Causal verification:

Clamping these features to extreme values produces predictable behavior changes — activating deception-related feature clusters causes the model to behave more deceptively; suppressing them reduces deceptive responses. This confirms causal relevance, not mere correlation.

Interpretive caution required

Finding a feature labeled "deception" does not mean the model has a unified intentional representation of deception. The feature activates on text involving deception — whether the model "intends" anything in a meaningful sense is a separate philosophical and empirical question that the feature finding alone does not settle.
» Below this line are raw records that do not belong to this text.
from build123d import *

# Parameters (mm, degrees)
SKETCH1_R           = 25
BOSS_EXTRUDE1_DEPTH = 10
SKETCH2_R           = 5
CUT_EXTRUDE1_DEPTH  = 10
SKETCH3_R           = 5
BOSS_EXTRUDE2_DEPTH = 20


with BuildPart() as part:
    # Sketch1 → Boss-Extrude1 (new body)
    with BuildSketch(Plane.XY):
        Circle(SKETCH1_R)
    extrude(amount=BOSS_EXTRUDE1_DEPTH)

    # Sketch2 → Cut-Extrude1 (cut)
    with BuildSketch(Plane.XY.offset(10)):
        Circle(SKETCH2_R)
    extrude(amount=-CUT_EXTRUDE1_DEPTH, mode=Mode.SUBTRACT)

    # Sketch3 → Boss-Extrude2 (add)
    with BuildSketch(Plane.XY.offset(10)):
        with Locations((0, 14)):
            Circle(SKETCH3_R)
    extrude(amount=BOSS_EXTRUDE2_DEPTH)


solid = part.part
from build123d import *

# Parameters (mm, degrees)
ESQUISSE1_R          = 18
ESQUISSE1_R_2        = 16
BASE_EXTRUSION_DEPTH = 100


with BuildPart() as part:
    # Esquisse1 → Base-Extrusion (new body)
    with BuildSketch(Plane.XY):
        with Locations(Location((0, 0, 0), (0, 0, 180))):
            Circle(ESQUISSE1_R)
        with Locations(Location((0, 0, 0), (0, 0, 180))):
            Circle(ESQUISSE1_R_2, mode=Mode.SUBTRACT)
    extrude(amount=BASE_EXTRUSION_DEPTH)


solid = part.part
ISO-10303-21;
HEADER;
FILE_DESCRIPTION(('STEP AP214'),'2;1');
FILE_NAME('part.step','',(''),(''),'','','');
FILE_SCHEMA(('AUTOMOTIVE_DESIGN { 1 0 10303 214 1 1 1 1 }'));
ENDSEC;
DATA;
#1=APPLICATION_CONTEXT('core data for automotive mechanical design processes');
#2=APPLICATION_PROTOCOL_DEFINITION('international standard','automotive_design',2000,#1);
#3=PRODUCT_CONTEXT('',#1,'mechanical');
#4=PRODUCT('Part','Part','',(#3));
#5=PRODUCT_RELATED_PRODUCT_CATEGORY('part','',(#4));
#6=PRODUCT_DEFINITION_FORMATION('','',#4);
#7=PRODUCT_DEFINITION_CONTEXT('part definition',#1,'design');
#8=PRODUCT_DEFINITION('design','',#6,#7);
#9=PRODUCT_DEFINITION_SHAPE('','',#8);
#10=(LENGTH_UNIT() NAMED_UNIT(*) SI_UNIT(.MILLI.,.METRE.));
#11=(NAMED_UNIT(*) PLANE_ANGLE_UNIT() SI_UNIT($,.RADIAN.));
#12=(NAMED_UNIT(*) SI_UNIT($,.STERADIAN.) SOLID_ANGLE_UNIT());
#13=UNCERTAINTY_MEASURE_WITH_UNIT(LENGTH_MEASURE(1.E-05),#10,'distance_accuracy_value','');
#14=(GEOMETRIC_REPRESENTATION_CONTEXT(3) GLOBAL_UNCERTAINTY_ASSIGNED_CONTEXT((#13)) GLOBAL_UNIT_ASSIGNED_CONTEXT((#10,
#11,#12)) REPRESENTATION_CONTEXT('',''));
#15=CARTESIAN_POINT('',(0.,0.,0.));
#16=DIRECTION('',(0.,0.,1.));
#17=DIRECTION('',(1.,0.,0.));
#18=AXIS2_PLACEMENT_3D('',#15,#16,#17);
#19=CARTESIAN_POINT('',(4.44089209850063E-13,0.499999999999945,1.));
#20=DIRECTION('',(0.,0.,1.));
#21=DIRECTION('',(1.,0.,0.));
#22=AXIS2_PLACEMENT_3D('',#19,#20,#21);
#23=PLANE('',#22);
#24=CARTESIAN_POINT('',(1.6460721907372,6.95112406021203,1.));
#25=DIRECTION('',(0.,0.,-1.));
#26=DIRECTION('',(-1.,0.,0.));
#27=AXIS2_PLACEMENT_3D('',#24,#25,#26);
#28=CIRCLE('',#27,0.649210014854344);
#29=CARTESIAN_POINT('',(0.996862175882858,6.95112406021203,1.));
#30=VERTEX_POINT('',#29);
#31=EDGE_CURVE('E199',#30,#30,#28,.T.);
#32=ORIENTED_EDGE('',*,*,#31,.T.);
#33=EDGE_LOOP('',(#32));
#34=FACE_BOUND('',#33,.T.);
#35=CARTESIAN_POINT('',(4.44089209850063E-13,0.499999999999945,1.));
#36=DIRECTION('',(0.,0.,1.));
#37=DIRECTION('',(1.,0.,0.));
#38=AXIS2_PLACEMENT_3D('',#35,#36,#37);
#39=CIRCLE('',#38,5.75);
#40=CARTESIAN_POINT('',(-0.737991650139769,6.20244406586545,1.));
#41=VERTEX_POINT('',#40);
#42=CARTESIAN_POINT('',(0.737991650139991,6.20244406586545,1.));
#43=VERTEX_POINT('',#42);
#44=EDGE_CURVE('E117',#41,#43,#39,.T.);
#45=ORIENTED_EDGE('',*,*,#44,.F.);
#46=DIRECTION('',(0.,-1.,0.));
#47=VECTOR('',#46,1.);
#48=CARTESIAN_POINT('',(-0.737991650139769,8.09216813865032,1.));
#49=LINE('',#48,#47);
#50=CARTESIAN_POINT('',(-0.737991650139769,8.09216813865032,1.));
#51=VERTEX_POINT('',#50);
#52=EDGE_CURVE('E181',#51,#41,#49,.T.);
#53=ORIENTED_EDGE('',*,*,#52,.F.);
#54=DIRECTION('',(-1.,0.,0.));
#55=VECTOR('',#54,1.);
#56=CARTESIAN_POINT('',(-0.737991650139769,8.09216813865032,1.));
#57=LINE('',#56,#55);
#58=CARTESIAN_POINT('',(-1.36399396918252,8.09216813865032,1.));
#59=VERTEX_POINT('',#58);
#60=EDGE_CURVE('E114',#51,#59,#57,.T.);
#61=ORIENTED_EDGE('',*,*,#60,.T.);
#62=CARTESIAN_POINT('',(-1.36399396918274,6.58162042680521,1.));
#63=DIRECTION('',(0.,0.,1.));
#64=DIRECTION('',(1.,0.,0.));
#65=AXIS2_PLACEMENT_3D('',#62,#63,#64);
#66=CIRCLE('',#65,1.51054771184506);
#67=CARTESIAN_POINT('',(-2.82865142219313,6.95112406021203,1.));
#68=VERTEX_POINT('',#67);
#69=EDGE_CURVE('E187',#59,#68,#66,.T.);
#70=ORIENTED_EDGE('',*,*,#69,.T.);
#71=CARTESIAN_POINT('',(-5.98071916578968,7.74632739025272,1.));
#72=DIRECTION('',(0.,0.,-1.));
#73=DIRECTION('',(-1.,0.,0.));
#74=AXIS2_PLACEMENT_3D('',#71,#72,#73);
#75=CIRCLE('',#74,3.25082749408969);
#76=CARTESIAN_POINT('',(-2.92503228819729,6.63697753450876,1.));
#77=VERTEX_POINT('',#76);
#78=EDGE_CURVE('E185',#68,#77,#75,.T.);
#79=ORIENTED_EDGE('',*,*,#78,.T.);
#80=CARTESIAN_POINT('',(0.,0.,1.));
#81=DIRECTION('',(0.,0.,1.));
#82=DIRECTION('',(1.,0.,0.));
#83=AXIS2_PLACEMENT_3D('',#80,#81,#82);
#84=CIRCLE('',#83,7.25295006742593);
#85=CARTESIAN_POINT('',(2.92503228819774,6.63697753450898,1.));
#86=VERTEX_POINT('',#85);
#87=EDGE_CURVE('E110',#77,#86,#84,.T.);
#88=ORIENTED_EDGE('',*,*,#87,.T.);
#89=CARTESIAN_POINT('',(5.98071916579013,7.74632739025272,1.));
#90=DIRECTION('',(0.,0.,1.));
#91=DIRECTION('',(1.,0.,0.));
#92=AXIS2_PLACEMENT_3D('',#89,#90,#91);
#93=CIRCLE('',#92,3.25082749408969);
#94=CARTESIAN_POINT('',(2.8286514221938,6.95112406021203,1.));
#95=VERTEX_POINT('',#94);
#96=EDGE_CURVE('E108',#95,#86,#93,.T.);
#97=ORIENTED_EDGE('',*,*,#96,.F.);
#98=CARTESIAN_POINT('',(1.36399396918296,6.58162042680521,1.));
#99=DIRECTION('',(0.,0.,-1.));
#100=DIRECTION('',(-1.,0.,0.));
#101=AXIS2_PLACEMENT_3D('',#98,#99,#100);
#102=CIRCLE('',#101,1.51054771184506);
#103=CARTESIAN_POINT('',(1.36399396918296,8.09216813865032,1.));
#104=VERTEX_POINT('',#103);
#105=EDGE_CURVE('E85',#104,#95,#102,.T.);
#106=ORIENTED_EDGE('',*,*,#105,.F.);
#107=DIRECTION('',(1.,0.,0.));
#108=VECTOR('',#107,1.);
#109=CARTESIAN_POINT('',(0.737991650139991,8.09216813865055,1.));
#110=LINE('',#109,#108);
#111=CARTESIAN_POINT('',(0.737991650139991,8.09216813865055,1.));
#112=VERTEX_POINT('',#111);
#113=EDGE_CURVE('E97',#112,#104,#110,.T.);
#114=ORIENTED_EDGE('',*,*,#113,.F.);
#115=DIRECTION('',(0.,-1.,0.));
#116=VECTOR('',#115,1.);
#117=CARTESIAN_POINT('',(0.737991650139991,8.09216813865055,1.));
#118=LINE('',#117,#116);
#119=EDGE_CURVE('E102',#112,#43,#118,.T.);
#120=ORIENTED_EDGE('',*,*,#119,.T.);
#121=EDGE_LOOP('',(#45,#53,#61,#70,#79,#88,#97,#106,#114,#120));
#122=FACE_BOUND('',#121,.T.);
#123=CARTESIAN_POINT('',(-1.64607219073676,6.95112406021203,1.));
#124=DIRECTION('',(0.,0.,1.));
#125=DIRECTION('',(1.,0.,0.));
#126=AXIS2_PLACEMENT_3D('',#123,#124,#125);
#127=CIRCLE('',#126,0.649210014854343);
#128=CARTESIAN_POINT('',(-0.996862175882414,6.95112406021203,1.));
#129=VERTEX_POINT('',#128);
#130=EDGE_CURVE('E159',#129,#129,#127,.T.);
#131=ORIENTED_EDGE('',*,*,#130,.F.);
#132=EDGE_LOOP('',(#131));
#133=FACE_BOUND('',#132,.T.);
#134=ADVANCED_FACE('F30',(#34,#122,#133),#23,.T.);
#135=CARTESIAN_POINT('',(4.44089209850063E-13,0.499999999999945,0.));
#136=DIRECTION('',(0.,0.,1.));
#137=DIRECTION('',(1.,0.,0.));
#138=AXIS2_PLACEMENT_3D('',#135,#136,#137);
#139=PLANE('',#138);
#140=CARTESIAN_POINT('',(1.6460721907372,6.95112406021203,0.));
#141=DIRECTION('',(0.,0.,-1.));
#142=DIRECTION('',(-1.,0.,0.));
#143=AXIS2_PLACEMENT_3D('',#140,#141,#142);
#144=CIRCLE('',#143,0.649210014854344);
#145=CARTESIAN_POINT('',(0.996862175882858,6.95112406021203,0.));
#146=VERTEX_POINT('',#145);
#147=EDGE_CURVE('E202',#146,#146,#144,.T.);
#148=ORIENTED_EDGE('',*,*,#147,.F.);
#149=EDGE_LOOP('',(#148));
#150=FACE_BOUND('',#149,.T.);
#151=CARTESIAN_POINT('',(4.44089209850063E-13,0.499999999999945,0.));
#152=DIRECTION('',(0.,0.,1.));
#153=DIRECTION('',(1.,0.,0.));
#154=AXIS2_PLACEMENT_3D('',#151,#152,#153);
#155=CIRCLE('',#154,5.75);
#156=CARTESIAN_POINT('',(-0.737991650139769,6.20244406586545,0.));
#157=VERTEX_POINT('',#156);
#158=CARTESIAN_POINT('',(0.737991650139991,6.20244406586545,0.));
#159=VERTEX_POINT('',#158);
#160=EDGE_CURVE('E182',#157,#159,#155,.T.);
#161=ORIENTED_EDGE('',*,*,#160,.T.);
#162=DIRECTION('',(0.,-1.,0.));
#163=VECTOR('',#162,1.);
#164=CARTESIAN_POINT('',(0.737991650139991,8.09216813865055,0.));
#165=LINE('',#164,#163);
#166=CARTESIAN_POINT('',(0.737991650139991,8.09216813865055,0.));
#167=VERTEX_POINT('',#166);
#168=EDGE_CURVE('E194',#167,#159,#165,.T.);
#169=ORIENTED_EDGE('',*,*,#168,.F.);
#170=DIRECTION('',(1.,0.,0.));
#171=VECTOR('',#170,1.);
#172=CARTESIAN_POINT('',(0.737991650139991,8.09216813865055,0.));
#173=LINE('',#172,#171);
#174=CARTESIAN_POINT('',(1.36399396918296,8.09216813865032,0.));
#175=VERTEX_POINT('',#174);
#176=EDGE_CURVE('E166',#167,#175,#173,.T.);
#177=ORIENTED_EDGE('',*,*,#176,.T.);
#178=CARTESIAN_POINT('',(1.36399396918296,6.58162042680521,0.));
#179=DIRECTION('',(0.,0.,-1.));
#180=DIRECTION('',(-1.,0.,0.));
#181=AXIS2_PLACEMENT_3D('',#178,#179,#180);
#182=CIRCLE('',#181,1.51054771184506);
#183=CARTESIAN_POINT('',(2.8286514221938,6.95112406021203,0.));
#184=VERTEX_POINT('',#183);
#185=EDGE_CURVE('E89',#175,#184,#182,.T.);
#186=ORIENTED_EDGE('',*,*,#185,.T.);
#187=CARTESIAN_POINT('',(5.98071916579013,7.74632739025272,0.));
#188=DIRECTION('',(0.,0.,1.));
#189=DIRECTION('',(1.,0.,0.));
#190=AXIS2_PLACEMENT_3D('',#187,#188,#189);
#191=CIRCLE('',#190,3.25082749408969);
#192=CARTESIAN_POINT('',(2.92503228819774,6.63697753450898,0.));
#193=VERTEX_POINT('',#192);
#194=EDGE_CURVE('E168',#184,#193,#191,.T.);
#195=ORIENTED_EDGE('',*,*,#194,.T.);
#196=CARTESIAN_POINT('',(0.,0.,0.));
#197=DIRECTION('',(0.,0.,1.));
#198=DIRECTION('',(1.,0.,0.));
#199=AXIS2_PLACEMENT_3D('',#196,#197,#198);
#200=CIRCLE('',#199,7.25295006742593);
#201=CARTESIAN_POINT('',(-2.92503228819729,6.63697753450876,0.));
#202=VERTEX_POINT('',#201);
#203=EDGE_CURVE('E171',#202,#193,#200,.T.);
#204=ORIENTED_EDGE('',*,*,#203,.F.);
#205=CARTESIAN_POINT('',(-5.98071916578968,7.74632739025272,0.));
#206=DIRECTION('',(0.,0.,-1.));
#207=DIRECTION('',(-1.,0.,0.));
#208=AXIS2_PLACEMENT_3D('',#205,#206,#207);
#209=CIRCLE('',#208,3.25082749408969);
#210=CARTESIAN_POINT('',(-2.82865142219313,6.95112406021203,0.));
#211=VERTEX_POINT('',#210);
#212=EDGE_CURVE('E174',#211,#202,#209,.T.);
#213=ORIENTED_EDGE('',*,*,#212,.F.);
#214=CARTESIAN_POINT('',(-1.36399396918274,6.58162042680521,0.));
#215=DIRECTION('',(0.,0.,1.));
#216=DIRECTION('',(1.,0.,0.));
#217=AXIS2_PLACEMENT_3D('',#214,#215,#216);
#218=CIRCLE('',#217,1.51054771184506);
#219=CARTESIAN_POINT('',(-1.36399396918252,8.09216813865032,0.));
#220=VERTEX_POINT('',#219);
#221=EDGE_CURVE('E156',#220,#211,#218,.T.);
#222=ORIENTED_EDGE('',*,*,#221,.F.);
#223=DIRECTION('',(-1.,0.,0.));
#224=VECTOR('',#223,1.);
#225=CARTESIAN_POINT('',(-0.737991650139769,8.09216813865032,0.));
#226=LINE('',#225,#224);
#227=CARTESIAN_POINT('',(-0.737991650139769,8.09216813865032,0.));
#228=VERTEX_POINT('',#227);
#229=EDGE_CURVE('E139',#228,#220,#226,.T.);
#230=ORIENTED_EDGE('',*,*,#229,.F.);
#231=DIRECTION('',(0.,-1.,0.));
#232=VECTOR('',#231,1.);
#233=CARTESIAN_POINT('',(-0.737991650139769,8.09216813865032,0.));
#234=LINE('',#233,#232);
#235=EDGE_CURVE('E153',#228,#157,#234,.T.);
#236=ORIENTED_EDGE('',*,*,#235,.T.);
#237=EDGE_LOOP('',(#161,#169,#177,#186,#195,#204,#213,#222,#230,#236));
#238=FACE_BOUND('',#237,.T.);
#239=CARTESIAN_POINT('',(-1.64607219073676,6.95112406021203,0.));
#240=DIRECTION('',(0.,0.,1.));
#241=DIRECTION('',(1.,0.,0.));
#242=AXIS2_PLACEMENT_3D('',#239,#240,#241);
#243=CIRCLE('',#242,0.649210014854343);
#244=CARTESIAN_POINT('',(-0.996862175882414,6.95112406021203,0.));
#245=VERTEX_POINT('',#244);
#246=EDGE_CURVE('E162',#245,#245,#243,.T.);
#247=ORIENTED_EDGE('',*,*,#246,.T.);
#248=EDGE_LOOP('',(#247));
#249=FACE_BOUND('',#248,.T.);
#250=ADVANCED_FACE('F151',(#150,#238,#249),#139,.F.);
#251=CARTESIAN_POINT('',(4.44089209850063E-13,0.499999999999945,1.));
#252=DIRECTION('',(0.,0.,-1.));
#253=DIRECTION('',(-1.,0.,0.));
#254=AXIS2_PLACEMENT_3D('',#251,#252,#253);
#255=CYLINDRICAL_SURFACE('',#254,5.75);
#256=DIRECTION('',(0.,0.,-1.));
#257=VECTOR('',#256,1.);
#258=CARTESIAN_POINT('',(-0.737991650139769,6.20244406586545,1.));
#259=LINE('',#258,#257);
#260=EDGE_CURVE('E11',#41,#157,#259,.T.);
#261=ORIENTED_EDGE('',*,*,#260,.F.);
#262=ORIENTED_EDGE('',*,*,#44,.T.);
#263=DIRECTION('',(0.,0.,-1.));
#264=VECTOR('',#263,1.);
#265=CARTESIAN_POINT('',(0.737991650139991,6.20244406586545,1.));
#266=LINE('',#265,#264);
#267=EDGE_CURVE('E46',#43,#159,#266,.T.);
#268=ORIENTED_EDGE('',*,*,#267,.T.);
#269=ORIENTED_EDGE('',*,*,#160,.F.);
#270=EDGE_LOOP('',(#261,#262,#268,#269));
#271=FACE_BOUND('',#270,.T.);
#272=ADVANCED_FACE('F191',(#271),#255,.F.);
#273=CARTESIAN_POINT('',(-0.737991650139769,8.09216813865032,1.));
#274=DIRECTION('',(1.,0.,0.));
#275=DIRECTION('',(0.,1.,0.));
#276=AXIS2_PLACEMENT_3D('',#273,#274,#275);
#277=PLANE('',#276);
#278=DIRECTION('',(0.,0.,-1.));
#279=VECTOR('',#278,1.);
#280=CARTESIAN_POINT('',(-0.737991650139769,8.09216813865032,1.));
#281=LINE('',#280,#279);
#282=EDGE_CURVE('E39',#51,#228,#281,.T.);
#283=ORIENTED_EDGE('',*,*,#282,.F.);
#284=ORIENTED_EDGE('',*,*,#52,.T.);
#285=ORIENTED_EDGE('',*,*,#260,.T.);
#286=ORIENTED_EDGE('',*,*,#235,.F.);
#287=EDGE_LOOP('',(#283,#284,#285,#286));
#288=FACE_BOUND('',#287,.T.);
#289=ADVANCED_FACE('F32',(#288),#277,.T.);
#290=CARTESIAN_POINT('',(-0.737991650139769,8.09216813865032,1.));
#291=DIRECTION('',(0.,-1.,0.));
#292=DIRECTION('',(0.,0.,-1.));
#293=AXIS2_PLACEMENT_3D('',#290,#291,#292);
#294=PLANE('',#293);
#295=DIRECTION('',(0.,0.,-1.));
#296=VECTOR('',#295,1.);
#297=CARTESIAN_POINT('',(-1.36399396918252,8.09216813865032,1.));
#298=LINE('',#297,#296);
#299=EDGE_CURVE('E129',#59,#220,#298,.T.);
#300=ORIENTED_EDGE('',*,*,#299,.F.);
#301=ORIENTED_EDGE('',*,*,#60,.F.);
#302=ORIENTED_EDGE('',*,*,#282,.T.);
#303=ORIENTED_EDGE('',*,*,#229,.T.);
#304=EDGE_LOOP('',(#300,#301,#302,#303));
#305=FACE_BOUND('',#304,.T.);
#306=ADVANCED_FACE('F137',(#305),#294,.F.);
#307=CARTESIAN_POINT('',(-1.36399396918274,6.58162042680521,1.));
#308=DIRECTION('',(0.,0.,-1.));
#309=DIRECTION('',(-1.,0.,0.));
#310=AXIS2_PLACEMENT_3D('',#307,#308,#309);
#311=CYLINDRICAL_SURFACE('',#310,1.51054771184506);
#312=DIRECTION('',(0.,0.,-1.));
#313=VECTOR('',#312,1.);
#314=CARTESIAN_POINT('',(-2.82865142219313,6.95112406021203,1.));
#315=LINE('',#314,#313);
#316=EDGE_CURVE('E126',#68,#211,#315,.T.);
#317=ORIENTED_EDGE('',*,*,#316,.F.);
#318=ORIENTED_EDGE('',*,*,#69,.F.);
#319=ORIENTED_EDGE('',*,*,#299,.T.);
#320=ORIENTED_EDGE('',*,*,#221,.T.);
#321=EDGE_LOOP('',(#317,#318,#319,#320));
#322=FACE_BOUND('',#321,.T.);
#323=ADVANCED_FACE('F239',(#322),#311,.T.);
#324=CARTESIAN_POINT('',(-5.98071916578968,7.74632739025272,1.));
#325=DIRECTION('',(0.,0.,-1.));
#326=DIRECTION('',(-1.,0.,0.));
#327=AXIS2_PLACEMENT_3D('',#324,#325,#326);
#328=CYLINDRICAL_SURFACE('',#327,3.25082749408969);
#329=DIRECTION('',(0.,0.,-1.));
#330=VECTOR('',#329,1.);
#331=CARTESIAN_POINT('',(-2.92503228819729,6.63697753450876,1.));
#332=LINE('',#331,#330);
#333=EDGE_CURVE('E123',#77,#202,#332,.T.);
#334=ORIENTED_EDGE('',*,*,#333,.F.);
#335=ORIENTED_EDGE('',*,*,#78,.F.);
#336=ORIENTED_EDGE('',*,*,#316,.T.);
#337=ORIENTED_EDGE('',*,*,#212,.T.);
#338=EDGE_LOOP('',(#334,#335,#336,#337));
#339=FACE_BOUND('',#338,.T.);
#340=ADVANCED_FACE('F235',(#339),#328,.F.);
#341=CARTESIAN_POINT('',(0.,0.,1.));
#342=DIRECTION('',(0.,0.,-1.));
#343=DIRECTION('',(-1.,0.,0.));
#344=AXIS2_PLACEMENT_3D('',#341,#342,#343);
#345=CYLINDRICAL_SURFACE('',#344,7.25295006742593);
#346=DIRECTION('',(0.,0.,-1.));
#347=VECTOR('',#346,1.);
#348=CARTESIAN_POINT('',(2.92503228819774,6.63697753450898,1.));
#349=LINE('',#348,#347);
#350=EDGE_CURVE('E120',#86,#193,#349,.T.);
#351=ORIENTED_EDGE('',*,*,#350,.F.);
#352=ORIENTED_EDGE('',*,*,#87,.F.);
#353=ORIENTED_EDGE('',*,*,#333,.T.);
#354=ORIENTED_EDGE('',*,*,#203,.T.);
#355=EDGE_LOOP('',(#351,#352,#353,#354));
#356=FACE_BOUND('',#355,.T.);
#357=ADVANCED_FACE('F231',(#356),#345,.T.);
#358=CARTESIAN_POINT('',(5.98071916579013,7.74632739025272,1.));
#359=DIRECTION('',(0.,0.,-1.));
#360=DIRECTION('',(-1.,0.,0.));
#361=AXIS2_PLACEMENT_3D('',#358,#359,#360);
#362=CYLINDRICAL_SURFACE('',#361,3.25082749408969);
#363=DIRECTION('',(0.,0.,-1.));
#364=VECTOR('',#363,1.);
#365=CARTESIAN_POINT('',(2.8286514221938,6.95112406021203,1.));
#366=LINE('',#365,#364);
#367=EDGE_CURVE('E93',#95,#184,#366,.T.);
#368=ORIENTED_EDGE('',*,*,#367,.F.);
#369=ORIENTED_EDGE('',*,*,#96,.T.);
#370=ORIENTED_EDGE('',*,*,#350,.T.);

Universality — Current Evidence

Finding	Models tested	Evidence strength
Induction heads	GPT-2, LLaMA, Mistral, BERT variants	Strong — found in virtually all transformers studied
Curve detectors in CNNs	AlexNet, VGG, ResNet, InceptionNet	Strong — same features emerge across architectures
First-token attention sinks	GPT-2, LLaMA-2, Falcon, Mistral	Strong — near-universal across decoder models
IOI-style name mover heads	GPT-2 variants	Moderate — found at GPT-2 scale; unclear at larger scale

Current State and Open Problems (2025)

Genuine progress

Multiple verified circuits in transformer models with full causal confirmation
SAEs successfully decompose superposition in both small and frontier models
Safety-relevant features identified and causally verified in Claude
Active open-source tooling ecosystem: TransformerLens, SAELens, Neuronpedia
Interpretability findings beginning to inform training decisions at Anthropic

Unsolved problems

No complete mechanistic understanding of any capability in a model larger than GPT-2 Small
Most SAE features remain inscrutable — interpretable features are a small fraction
Circuit-level understanding does not compose to model-level understanding
Model editing based on localized circuits does not yet generalize reliably
The field is growing slower than model capabilities — the interpretability gap is widening

Checklist: Do You Understand This?

What are the three working hypotheses of the circuits research program (Olah et al. 2020)?
Walk through the induction circuit step by step. What is K-composition and how does it enable the circuit to function?
Describe what S-inhibition heads do in the IOI circuit. Why is redundancy in the circuit a complication for ablation studies?
How did Anthropic's 2023 monosemanticity work use sparse autoencoders to overcome the superposition problem?
What evidence supports the universality hypothesis, and where does it remain uncertain?
Why does finding a "deception feature" in Claude not necessarily mean the model is intentionally deceptive? What does the feature finding actually establish?